Provides an interface to HDF4 and HDF5 file formats, which are kinda like cross-platform binary XML files. HDF stands for Heierarchicl Data Format. HDF was originally developed at the NCSA. To read more about HDF, see http://www.hdfgroup.org/. Note that HDF5 is not presently distributed with PDLA, and neither HDF4 nor HDF5 will be installed unless you have the associated C libraries that these modules interface. Also note that the HDF5 library on CPAN is rather old and somebody from HDF contacted the mailing list in the Fall of 2009 to develop new and better HDF5 bindings for Perl.
Once upon a time, PDLA had a module for reading IDL data files. Unfortunately, it cannot be distributed because the original author, Craig DeForest, signed the IDL license agreement and was unable to negotiate the administrative hurdles to get it published. However, it can be found in Sourceforge's CVS attic, and any PDLA user who has not signed IDL's license agreement can fix it up and resubmit it.
Provides mostly text-based IO routines. Data input and output is restricted mostly to tabular (i.e. two-dimensional) data sets, though limited support is provided for 3d data sets.
Alternative text-based modules support higher dimensions, such as PDLA::IO::Dumper and PDLA::IO::Storable. Check the PDLA::IO::Misc documentation for more details.

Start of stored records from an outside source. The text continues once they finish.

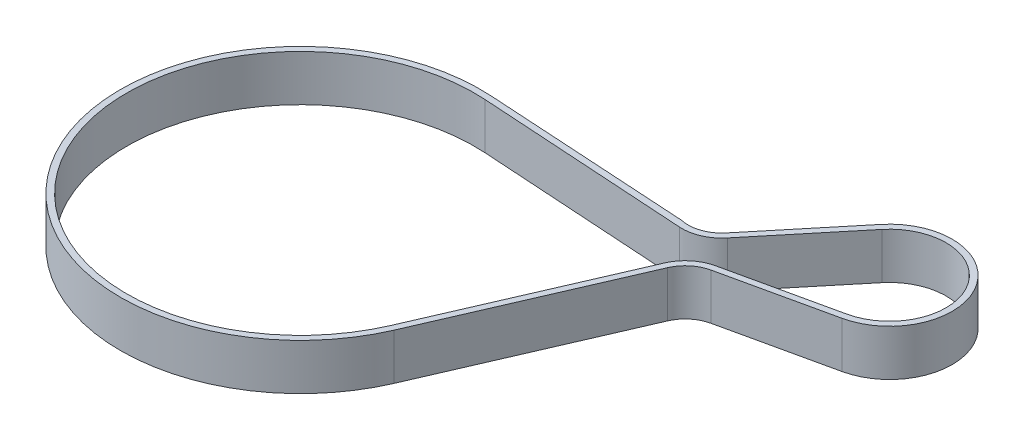
SolidWorks part; units mm, degrees
ref_plane "Front Plane" through (0, 0, 0) normal (0, 0, 1) x (1, 0, 0)
ref_plane "Top Plane" through (0, 0, 0) normal (0, 1, 0) x (1, 0, 0)
ref_plane "Right Plane" through (0, 0, 0) normal (1, 0, 0) x (0, 0, -1)
sketch "Sketch1" plane through (0, 0, 0) normal (0, 1, 0) x (1, 0, 0)
  line L0 (18.6219, 16.2605) -> (29.9995, 30.0446)
  line L1 (21.6016, 11.3923) -> (39.0527, 15.2538)
  line L2 (13.196, 13.9113) -> (-20.5376, 16.059)
  line L3 (17.0413, 7.629) -> (3.6079, -23.3889)
  line L4 (-20.5376, 17.0609) -> (12.3809, 15.0371)
  line L5 (4.5255, -23.7863) -> (17.959, 7.2316)
  line L6 (29.2282, 30.6812) -> (17.8507, 16.8971)
  line L7 (39.2688, 14.2774) -> (21.8177, 10.4159)
  circle A0 centre (37.0715, 24.2072) radius 9.17
  circle A1 centre (13.609, 20.3982) radius 5.5
  circle A2 centre (23.006, 5.0458) radius 5.5
  circle A3 centre (13.609, 20.3982) radius 6.5
  circle A4 centre (23.006, 5.0458) radius 6.5
  circle A5 centre (37.0715, 24.2072) radius 10.17
  circle A6 centre (-22.3338, -12.1539) radius 28.27
  circle A7 centre (-22.3338, -12.1539) radius 29.27
extrude "Boss-Extrude1" add sketch "Sketch1" along normal blind 7 contours A7 L3 A6 L2 | A7 L5 A4 L3 | A7 L2 A3 L4 | A3 L6 A1 L4 | L7 A4 L5 A2 | A5 L1 A4 L7 | A5 L6 A3 L0 | A5 L0 A0 L1
sketch "Sketch2" plane through (0, 7, 0) normal (0, 1, 0) x (1, 0, 0)
  line L0 (4.5255, -23.7863) -> (17.959, 7.2316) construction
  line L1 (39.2688, 14.2774) -> (21.8177, 10.4159) construction
  line L2 (29.2282, 30.6812) -> (17.8507, 16.8971) construction
  line L3 (-20.5376, 17.0609) -> (12.3809, 15.0371) construction
  line L4 (21.6016, 11.3923) -> (39.0527, 15.2538)
  line L5 (3.6079, -23.3889) -> (17.0413, 7.629)
  line L6 (13.196, 13.9113) -> (-20.5376, 16.059)
  line L7 (29.9995, 30.0446) -> (18.6219, 16.2605)
  line L8 (21.6016, 11.3923) -> (39.0527, 15.2538)
  line L9 (3.6079, -23.3889) -> (17.0413, 7.629)
  line L10 (13.196, 13.9113) -> (-20.5376, 16.059)
  line L11 (29.9995, 30.0446) -> (18.6219, 16.2605)
  line L12 (4.5255, -23.7863) -> (17.959, 7.2316)
  line L13 (39.2688, 14.2774) -> (21.8177, 10.4159)
  line L14 (29.2282, 30.6812) -> (17.8507, 16.8971)
  line L15 (-20.5376, 17.0609) -> (12.3809, 15.0371)
  arc A0 (21.8177, 10.4159) -> (17.959, 7.2316) centre (23.006, 5.0458) ccw construction
  arc A1 (39.2688, 14.2774) -> (29.2282, 30.6812) centre (37.0715, 24.2072) ccw construction
  arc A2 (12.3809, 15.0371) -> (17.8507, 16.8971) centre (13.609, 20.3982) ccw construction
  arc A3 (-20.5376, 17.0609) -> (4.5255, -23.7863) centre (-22.3338, -12.1539) ccw construction
  arc A4 (39.0527, 15.2538) -> (29.9995, 30.0446) centre (37.0715, 24.2072) ccw
  arc A5 (21.6016, 11.3923) -> (17.0413, 7.629) centre (23.006, 5.0458) ccw
  arc A6 (-20.5376, 16.059) -> (3.6079, -23.3889) centre (-22.3338, -12.1539) ccw
  arc A7 (13.196, 13.9113) -> (18.6219, 16.2605) centre (13.609, 20.3982) ccw
  arc A8 (39.0527, 15.2538) -> (29.9995, 30.0446) centre (37.0715, 24.2072) ccw
  arc A9 (21.6016, 11.3923) -> (17.0413, 7.629) centre (23.006, 5.0458) ccw
  arc A10 (-20.5376, 16.059) -> (3.6079, -23.3889) centre (-22.3338, -12.1539) ccw
  arc A11 (13.196, 13.9113) -> (18.6219, 16.2605) centre (13.609, 20.3982) ccw
  arc A12 (21.8177, 10.4159) -> (17.959, 7.2316) centre (23.006, 5.0458) ccw
  arc A13 (39.2688, 14.2774) -> (29.2282, 30.6812) centre (37.0715, 24.2072) ccw
  arc A14 (12.3809, 15.0371) -> (17.8507, 16.8971) centre (13.609, 20.3982) ccw
  arc A15 (-20.5376, 17.0609) -> (4.5255, -23.7863) centre (-22.3338, -12.1539) ccw
  dimension "D1" = 0
extrude "Boss-Extrude2" add sketch "Sketch2" along normal blind 0.5

Starlink developed a file format for N-Dimensional data Files, which it cleverly dubbed NDF. If you work with these files, you're in luck! Check the PDLA::IO::NDF documentation for more details.
Provides reading/writing of images to/from piddles, as well as creating MPEG animations! The module uses the netpbm library, so you will need that on your machine in order for this to work. To read more, see the PDLA::IO::Pic documentation. Also look into the next module, as well as PDLA::IO::GD.
Provides methods for reading and writing pnm files (of which pbm is but one). Check the PDLA::IO::Pnm documentation for more details. Also check out the previous module and PDLA::IO::GD.
Implements the relevant methods to be able to store and retrieve piddles via Storable. True, you can use many methods to save a single piddle. In contrast, this module is particularly useful if you need to save a complex Perl structure that contain piddles, such as an array of hashes, each of which contains piddles.